For the data below, say how many lines contain "image". Only the number should be given.

=-=-=

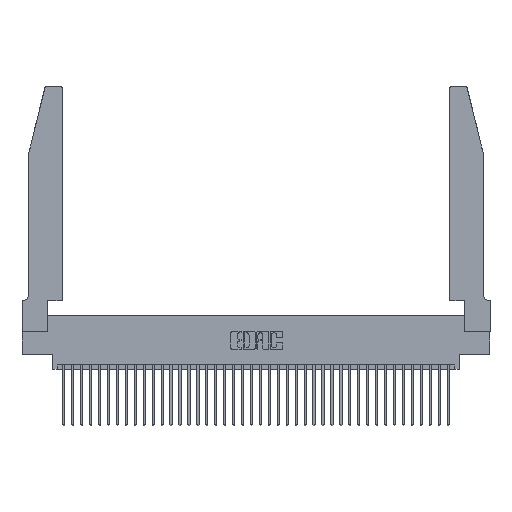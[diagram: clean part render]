
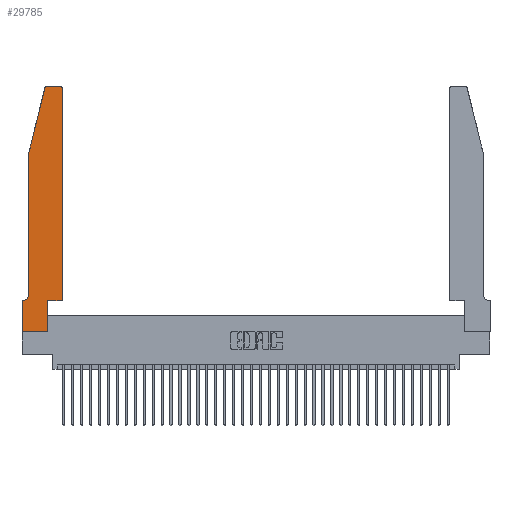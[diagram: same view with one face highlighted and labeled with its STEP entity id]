
A CAD part, top view. The second image highlights one B-rep face of the part: STEP entity #29785.
In plain terms, the highlighted planar face has unit normal (0, 0, 1).
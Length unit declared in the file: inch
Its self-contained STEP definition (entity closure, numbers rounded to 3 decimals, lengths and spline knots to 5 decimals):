
#38 = VERTEX_POINT ( 'NONE', #12372 ) ;
#706 = PLANE ( 'NONE',  #30173 ) ;
#1243 = CARTESIAN_POINT ( 'NONE',  ( 0.0055, 0.42, 0.37 ) ) ;
#2017 = VERTEX_POINT ( 'NONE', #5237 ) ;
#2099 = DIRECTION ( 'NONE',  ( -1., 0., 0. ) ) ;
#2470 = VECTOR ( 'NONE', #37244, 39.37008 ) ;
#3006 = CARTESIAN_POINT ( 'NONE',  ( 0., 0., 0.37 ) ) ;
#3750 = AXIS2_PLACEMENT_3D ( 'NONE', #23816, #5602, #26804 ) ;
#3804 = CARTESIAN_POINT ( 'NONE',  ( 0.4505, 0.35, 0.37 ) ) ;
#3859 = DIRECTION ( 'NONE',  ( 1., 0., 0. ) ) ;
#3988 = CARTESIAN_POINT ( 'NONE',  ( 0.0755, 0.42, 0.37 ) ) ;
#4221 = LINE ( 'NONE', #31511, #27466 ) ;
#4256 = CARTESIAN_POINT ( 'NONE',  ( 0.284, 2.72, 0.37 ) ) ;
#4372 = DIRECTION ( 'NONE',  ( -1., 0., 0. ) ) ;
#4580 = ORIENTED_EDGE ( 'NONE', *, *, #14697, .T. ) ;
#4657 = CIRCLE ( 'NONE', #28541, 0.07 ) ;
#4663 = ORIENTED_EDGE ( 'NONE', *, *, #19110, .T. ) ;
#4672 = CARTESIAN_POINT ( 'NONE',  ( 0., 0.35, 0.37 ) ) ;
#5237 = CARTESIAN_POINT ( 'NONE',  ( 0.4505, 0.35, 0.37 ) ) ;
#5313 = CARTESIAN_POINT ( 'NONE',  ( 0.25487, 2.72718, 0.37 ) ) ;
#5510 = EDGE_CURVE ( 'NONE', #12238, #24518, #29722, .T. ) ;
#5590 = CIRCLE ( 'NONE', #3750, 0.03 ) ;
#5602 = DIRECTION ( 'NONE',  ( 0., 0., 1. ) ) ;
#5805 = VERTEX_POINT ( 'NONE', #5929 ) ;
#5929 = CARTESIAN_POINT ( 'NONE',  ( 0.0055, 0.35, 0.37 ) ) ;
#6764 = CARTESIAN_POINT ( 'NONE',  ( 0.4505, 0.35, 0.37 ) ) ;
#7325 = DIRECTION ( 'NONE',  ( 1., 0., 0. ) ) ;
#7496 = VECTOR ( 'NONE', #37679, 39.37008 ) ;
#7498 = DIRECTION ( 'NONE',  ( -1., 0., 0. ) ) ;
#7633 = CARTESIAN_POINT ( 'NONE',  ( 0.2865, 0.35, 0.37 ) ) ;
#9860 = AXIS2_PLACEMENT_3D ( 'NONE', #4256, #25506, #7325 ) ;
#10424 = CARTESIAN_POINT ( 'NONE',  ( 0.0755, 2., 0.37 ) ) ;
#11065 = VERTEX_POINT ( 'NONE', #4672 ) ;
#11609 = DIRECTION ( 'NONE',  ( 1., 0., 0. ) ) ;
#11651 = CARTESIAN_POINT ( 'NONE',  ( 0.2865, 0., 0.37 ) ) ;
#12238 = VERTEX_POINT ( 'NONE', #11651 ) ;
#12372 = CARTESIAN_POINT ( 'NONE',  ( 0.4205, 2.75, 0.37 ) ) ;
#12633 = EDGE_CURVE ( 'NONE', #20770, #17449, #27189, .T. ) ;
#14677 = CARTESIAN_POINT ( 'NONE',  ( 0., 0., 0.37 ) ) ;
#14697 = EDGE_CURVE ( 'NONE', #5805, #11065, #38023, .T. ) ;
#14772 = EDGE_CURVE ( 'NONE', #14906, #12238, #20248, .T. ) ;
#14906 = VERTEX_POINT ( 'NONE', #15333 ) ;
#15028 = VECTOR ( 'NONE', #2099, 39.37008 ) ;
#15043 = VERTEX_POINT ( 'NONE', #25105 ) ;
#15333 = CARTESIAN_POINT ( 'NONE',  ( 0., 0., 0.37 ) ) ;
#15613 = EDGE_CURVE ( 'NONE', #2017, #15043, #30933, .T. ) ;
#16004 = CARTESIAN_POINT ( 'NONE',  ( 0., 0.35, 0.37 ) ) ;
#16076 = DIRECTION ( 'NONE',  ( 1., 0., 0. ) ) ;
#16894 = EDGE_LOOP ( 'NONE', ( #17344, #20160, #21105, #25569, #36623, #4580, #4663, #25902, #22047, #17239, #30222, #34168 ) ) ;
#17239 = ORIENTED_EDGE ( 'NONE', *, *, #35009, .T. ) ;
#17344 = ORIENTED_EDGE ( 'NONE', *, *, #24502, .T. ) ;
#17449 = VERTEX_POINT ( 'NONE', #36282 ) ;
#18921 = VECTOR ( 'NONE', #16076, 39.37008 ) ;
#19110 = EDGE_CURVE ( 'NONE', #11065, #14906, #29804, .T. ) ;
#19194 = CIRCLE ( 'NONE', #9860, 0.03 ) ;
#19661 = LINE ( 'NONE', #31241, #2470 ) ;
#19921 = CARTESIAN_POINT ( 'NONE',  ( 0.284, 2.75, 0.37 ) ) ;
#20138 = VECTOR ( 'NONE', #22527, 39.37008 ) ;
#20160 = ORIENTED_EDGE ( 'NONE', *, *, #22488, .T. ) ;
#20248 = LINE ( 'NONE', #14677, #27301 ) ;
#20770 = VERTEX_POINT ( 'NONE', #5313 ) ;
#21105 = ORIENTED_EDGE ( 'NONE', *, *, #12633, .T. ) ;
#21252 = DIRECTION ( 'NONE',  ( 0., -1., 0. ) ) ;
#21852 = VECTOR ( 'NONE', #21252, 39.37008 ) ;
#22047 = ORIENTED_EDGE ( 'NONE', *, *, #5510, .T. ) ;
#22069 = VECTOR ( 'NONE', #27931, 39.37008 ) ;
#22077 = DIRECTION ( 'NONE',  ( 0., 0., 1. ) ) ;
#22488 = EDGE_CURVE ( 'NONE', #23085, #20770, #19194, .T. ) ;
#22527 = DIRECTION ( 'NONE',  ( -0.239, -0.971, 0. ) ) ;
#22613 = DIRECTION ( 'NONE',  ( 0., 0., -1. ) ) ;
#23085 = VERTEX_POINT ( 'NONE', #19921 ) ;
#23440 = CARTESIAN_POINT ( 'NONE',  ( 0.0755, 0.35, 0.37 ) ) ;
#23816 = CARTESIAN_POINT ( 'NONE',  ( 0.4205, 2.72, 0.37 ) ) ;
#24502 = EDGE_CURVE ( 'NONE', #38, #23085, #4221, .T. ) ;
#24518 = VERTEX_POINT ( 'NONE', #7633 ) ;
#25105 = CARTESIAN_POINT ( 'NONE',  ( 0.4505, 2.72, 0.37 ) ) ;
#25506 = DIRECTION ( 'NONE',  ( 0., 0., 1. ) ) ;
#25569 = ORIENTED_EDGE ( 'NONE', *, *, #31042, .T. ) ;
#25902 = ORIENTED_EDGE ( 'NONE', *, *, #14772, .T. ) ;
#26804 = DIRECTION ( 'NONE',  ( 1., 0., 0. ) ) ;
#26905 = LINE ( 'NONE', #3804, #18921 ) ;
#27189 = LINE ( 'NONE', #10424, #20138 ) ;
#27301 = VECTOR ( 'NONE', #11609, 39.37008 ) ;
#27466 = VECTOR ( 'NONE', #7498, 39.37008 ) ;
#27563 = EDGE_CURVE ( 'NONE', #15043, #38, #5590, .T. ) ;
#27931 = DIRECTION ( 'NONE',  ( 0., 1., 0. ) ) ;
#28541 = AXIS2_PLACEMENT_3D ( 'NONE', #1243, #22613, #4372 ) ;
#28839 = CARTESIAN_POINT ( 'NONE',  ( 0.2865, 0.35, 0.37 ) ) ;
#29722 = LINE ( 'NONE', #28839, #7496 ) ;
#29785 = ADVANCED_FACE ( 'NONE', ( #32873 ), #706, .T. ) ;
#29804 = LINE ( 'NONE', #3006, #21852 ) ;
#30173 = AXIS2_PLACEMENT_3D ( 'NONE', #16004, #22077, #3859 ) ;
#30222 = ORIENTED_EDGE ( 'NONE', *, *, #15613, .T. ) ;
#30933 = LINE ( 'NONE', #6764, #22069 ) ;
#31042 = EDGE_CURVE ( 'NONE', #17449, #37588, #19661, .T. ) ;
#31241 = CARTESIAN_POINT ( 'NONE',  ( 0.0755, 2., 0.37 ) ) ;
#31511 = CARTESIAN_POINT ( 'NONE',  ( 0.2605, 2.75, 0.37 ) ) ;
#32873 = FACE_OUTER_BOUND ( 'NONE', #16894, .T. ) ;
#34168 = ORIENTED_EDGE ( 'NONE', *, *, #27563, .T. ) ;
#34533 = EDGE_CURVE ( 'NONE', #37588, #5805, #4657, .T. ) ;
#35009 = EDGE_CURVE ( 'NONE', #24518, #2017, #26905, .T. ) ;
#36282 = CARTESIAN_POINT ( 'NONE',  ( 0.0755, 2., 0.37 ) ) ;
#36623 = ORIENTED_EDGE ( 'NONE', *, *, #34533, .T. ) ;
#37244 = DIRECTION ( 'NONE',  ( 0., -1., 0. ) ) ;
#37588 = VERTEX_POINT ( 'NONE', #3988 ) ;
#37679 = DIRECTION ( 'NONE',  ( 0., 1., 0. ) ) ;
#38023 = LINE ( 'NONE', #23440, #15028 ) ;
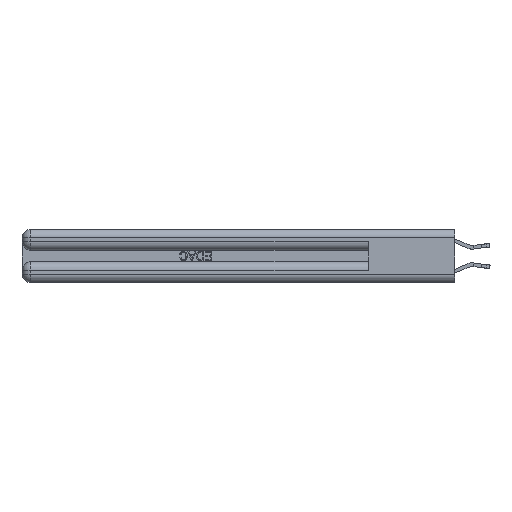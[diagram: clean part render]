
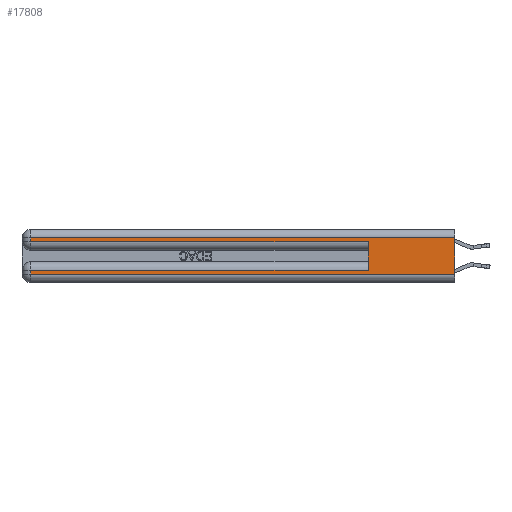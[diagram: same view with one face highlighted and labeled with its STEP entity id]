
A CAD part, left-side view. The second image highlights one B-rep face of the part: STEP entity #17808.
In plain terms, the highlighted planar face has unit normal (-1, 0, 0).
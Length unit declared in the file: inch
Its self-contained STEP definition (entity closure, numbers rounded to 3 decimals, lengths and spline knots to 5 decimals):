
#16 = CARTESIAN_POINT ( 'NONE',  ( 0., 2.94, 0.285 ) ) ;
#39 = VECTOR ( 'NONE', #7254, 39.37008 ) ;
#82 = VECTOR ( 'NONE', #19055, 39.37008 ) ;
#195 = DIRECTION ( 'NONE',  ( 0., -1., 0. ) ) ;
#294 = LINE ( 'NONE', #21244, #25321 ) ;
#425 = VECTOR ( 'NONE', #195, 39.37008 ) ;
#520 = ORIENTED_EDGE ( 'NONE', *, *, #18932, .T. ) ;
#1696 = ORIENTED_EDGE ( 'NONE', *, *, #23055, .T. ) ;
#1797 = DIRECTION ( 'NONE',  ( 0., -1., 0. ) ) ;
#1989 = LINE ( 'NONE', #26077, #82 ) ;
#3058 = CARTESIAN_POINT ( 'NONE',  ( 0., 0.6, 0.145 ) ) ;
#3625 = PLANE ( 'NONE',  #22073 ) ;
#5020 = LINE ( 'NONE', #3058, #8785 ) ;
#6421 = LINE ( 'NONE', #13828, #19060 ) ;
#6458 = LINE ( 'NONE', #7358, #39 ) ;
#6590 = VERTEX_POINT ( 'NONE', #16 ) ;
#6917 = CARTESIAN_POINT ( 'NONE',  ( 0., 0., 0.31 ) ) ;
#7254 = DIRECTION ( 'NONE',  ( 0., 1., 0. ) ) ;
#7358 = CARTESIAN_POINT ( 'NONE',  ( 0., 0., 0.31 ) ) ;
#8785 = VECTOR ( 'NONE', #27081, 39.37008 ) ;
#9256 = VERTEX_POINT ( 'NONE', #25094 ) ;
#9892 = LINE ( 'NONE', #21960, #425 ) ;
#11230 = ORIENTED_EDGE ( 'NONE', *, *, #29836, .T. ) ;
#11295 = DIRECTION ( 'NONE',  ( 0., 1., 0. ) ) ;
#11415 = CARTESIAN_POINT ( 'NONE',  ( 0., 2.94, 0.06 ) ) ;
#11453 = CARTESIAN_POINT ( 'NONE',  ( 0., 0., 0.285 ) ) ;
#12369 = VERTEX_POINT ( 'NONE', #23383 ) ;
#13201 = DIRECTION ( 'NONE',  ( 1., 0., 0. ) ) ;
#13318 = DIRECTION ( 'NONE',  ( 0., 0., -1. ) ) ;
#13712 = DIRECTION ( 'NONE',  ( 0., 0., -1. ) ) ;
#13828 = CARTESIAN_POINT ( 'NONE',  ( 0., 0., 0.085 ) ) ;
#14669 = ORIENTED_EDGE ( 'NONE', *, *, #25681, .F. ) ;
#15778 = CARTESIAN_POINT ( 'NONE',  ( 0., 2.94, 0.085 ) ) ;
#16061 = EDGE_LOOP ( 'NONE', ( #25708, #1696, #520, #20756, #14669, #11230, #23090, #30660 ) ) ;
#16463 = DIRECTION ( 'NONE',  ( 0., 0., -1. ) ) ;
#17074 = EDGE_CURVE ( 'NONE', #25717, #23699, #1989, .T. ) ;
#17545 = LINE ( 'NONE', #11453, #28479 ) ;
#17742 = VERTEX_POINT ( 'NONE', #19847 ) ;
#17808 = ADVANCED_FACE ( 'NONE', ( #19080 ), #3625, .F. ) ;
#18333 = CARTESIAN_POINT ( 'NONE',  ( 0., 0.6, 0.285 ) ) ;
#18381 = VERTEX_POINT ( 'NONE', #18333 ) ;
#18920 = CARTESIAN_POINT ( 'NONE',  ( 0., 0., 0.37 ) ) ;
#18932 = EDGE_CURVE ( 'NONE', #9256, #6590, #294, .T. ) ;
#19055 = DIRECTION ( 'NONE',  ( 0., 0., -1. ) ) ;
#19060 = VECTOR ( 'NONE', #11295, 39.37008 ) ;
#19080 = FACE_OUTER_BOUND ( 'NONE', #16061, .T. ) ;
#19847 = CARTESIAN_POINT ( 'NONE',  ( 0., 0.6, 0.085 ) ) ;
#20756 = ORIENTED_EDGE ( 'NONE', *, *, #22998, .T. ) ;
#21244 = CARTESIAN_POINT ( 'NONE',  ( 0., 2.94, 0.37 ) ) ;
#21960 = CARTESIAN_POINT ( 'NONE',  ( 0., 0., 0.06 ) ) ;
#22073 = AXIS2_PLACEMENT_3D ( 'NONE', #22852, #13201, #13318 ) ;
#22651 = EDGE_CURVE ( 'NONE', #23699, #12369, #9892, .T. ) ;
#22852 = CARTESIAN_POINT ( 'NONE',  ( 0., 0., 0.37 ) ) ;
#22998 = EDGE_CURVE ( 'NONE', #6590, #18381, #17545, .T. ) ;
#23055 = EDGE_CURVE ( 'NONE', #29274, #9256, #6458, .T. ) ;
#23090 = ORIENTED_EDGE ( 'NONE', *, *, #17074, .T. ) ;
#23383 = CARTESIAN_POINT ( 'NONE',  ( 0., 0., 0.06 ) ) ;
#23699 = VERTEX_POINT ( 'NONE', #11415 ) ;
#25094 = CARTESIAN_POINT ( 'NONE',  ( 0., 2.94, 0.31 ) ) ;
#25321 = VECTOR ( 'NONE', #13712, 39.37008 ) ;
#25681 = EDGE_CURVE ( 'NONE', #17742, #18381, #5020, .T. ) ;
#25708 = ORIENTED_EDGE ( 'NONE', *, *, #26786, .F. ) ;
#25717 = VERTEX_POINT ( 'NONE', #15778 ) ;
#26077 = CARTESIAN_POINT ( 'NONE',  ( 0., 2.94, 0.37 ) ) ;
#26786 = EDGE_CURVE ( 'NONE', #29274, #12369, #29424, .T. ) ;
#27081 = DIRECTION ( 'NONE',  ( 0., 0., 1. ) ) ;
#28479 = VECTOR ( 'NONE', #1797, 39.37008 ) ;
#29066 = VECTOR ( 'NONE', #16463, 39.37008 ) ;
#29274 = VERTEX_POINT ( 'NONE', #6917 ) ;
#29424 = LINE ( 'NONE', #18920, #29066 ) ;
#29836 = EDGE_CURVE ( 'NONE', #17742, #25717, #6421, .T. ) ;
#30660 = ORIENTED_EDGE ( 'NONE', *, *, #22651, .T. ) ;
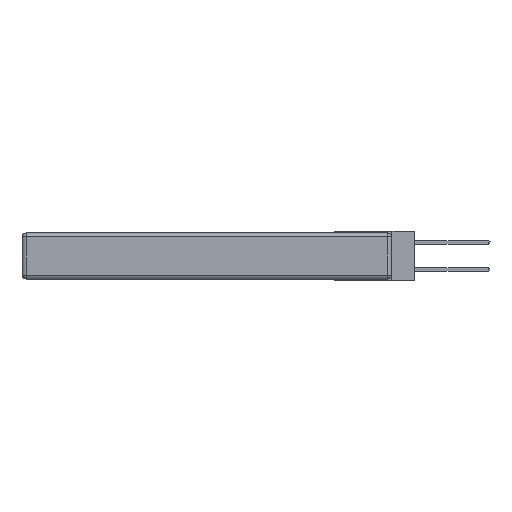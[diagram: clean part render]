
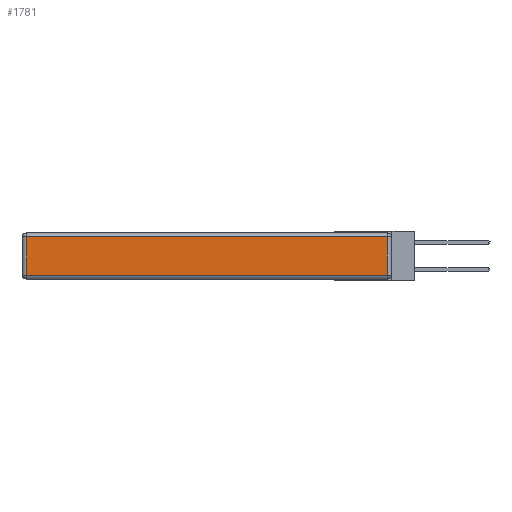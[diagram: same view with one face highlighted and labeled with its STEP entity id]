
A CAD part, left-side view. The second image highlights one B-rep face of the part: STEP entity #1781.
In plain terms, the highlighted planar face has unit normal (-1, 0, 0).
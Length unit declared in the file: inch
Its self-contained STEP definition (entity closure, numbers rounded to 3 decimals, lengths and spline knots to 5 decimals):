
#275 = CARTESIAN_POINT ( 'NONE',  ( 0., 0., -0.313 ) ) ;
#615 = VECTOR ( 'NONE', #7492, 39.37008 ) ;
#1436 = CARTESIAN_POINT ( 'NONE',  ( 0., 2.72, -0.03 ) ) ;
#1570 = CARTESIAN_POINT ( 'NONE',  ( 0., 0.03, -0.03 ) ) ;
#1696 = CARTESIAN_POINT ( 'NONE',  ( 0., 2.72, -0.343 ) ) ;
#1781 = ADVANCED_FACE ( 'NONE', ( #21235 ), #17104, .T. ) ;
#1966 = EDGE_CURVE ( 'NONE', #6200, #13194, #21813, .T. ) ;
#4067 = LINE ( 'NONE', #275, #615 ) ;
#4250 = DIRECTION ( 'NONE',  ( 0., 1., 0. ) ) ;
#5883 = EDGE_LOOP ( 'NONE', ( #16434, #20249, #22517, #10295 ) ) ;
#6051 = DIRECTION ( 'NONE',  ( -1., 0., 0. ) ) ;
#6200 = VERTEX_POINT ( 'NONE', #1570 ) ;
#7492 = DIRECTION ( 'NONE',  ( 0., -1., 0. ) ) ;
#7823 = CARTESIAN_POINT ( 'NONE',  ( 0., 0., -0.343 ) ) ;
#9953 = VECTOR ( 'NONE', #20216, 39.37008 ) ;
#10295 = ORIENTED_EDGE ( 'NONE', *, *, #16531, .T. ) ;
#10736 = AXIS2_PLACEMENT_3D ( 'NONE', #7823, #6051, #14100 ) ;
#11405 = VECTOR ( 'NONE', #14612, 39.37008 ) ;
#12809 = VERTEX_POINT ( 'NONE', #19579 ) ;
#13194 = VERTEX_POINT ( 'NONE', #1436 ) ;
#13329 = EDGE_CURVE ( 'NONE', #12809, #22701, #4067, .T. ) ;
#14033 = LINE ( 'NONE', #14599, #9953 ) ;
#14100 = DIRECTION ( 'NONE',  ( 0., 0., 1. ) ) ;
#14599 = CARTESIAN_POINT ( 'NONE',  ( 0., 0.03, -0.343 ) ) ;
#14612 = DIRECTION ( 'NONE',  ( 0., 0., -1. ) ) ;
#15379 = EDGE_CURVE ( 'NONE', #22701, #6200, #14033, .T. ) ;
#16434 = ORIENTED_EDGE ( 'NONE', *, *, #13329, .T. ) ;
#16531 = EDGE_CURVE ( 'NONE', #13194, #12809, #17799, .T. ) ;
#17104 = PLANE ( 'NONE',  #10736 ) ;
#17799 = LINE ( 'NONE', #1696, #11405 ) ;
#19104 = CARTESIAN_POINT ( 'NONE',  ( 0., 2.75, -0.03 ) ) ;
#19188 = VECTOR ( 'NONE', #4250, 39.37008 ) ;
#19579 = CARTESIAN_POINT ( 'NONE',  ( 0., 2.72, -0.313 ) ) ;
#20216 = DIRECTION ( 'NONE',  ( 0., 0., 1. ) ) ;
#20249 = ORIENTED_EDGE ( 'NONE', *, *, #15379, .T. ) ;
#21235 = FACE_OUTER_BOUND ( 'NONE', #5883, .T. ) ;
#21706 = CARTESIAN_POINT ( 'NONE',  ( 0., 0.03, -0.313 ) ) ;
#21813 = LINE ( 'NONE', #19104, #19188 ) ;
#22517 = ORIENTED_EDGE ( 'NONE', *, *, #1966, .T. ) ;
#22701 = VERTEX_POINT ( 'NONE', #21706 ) ;

=-=-=

**Output for this exercise**
3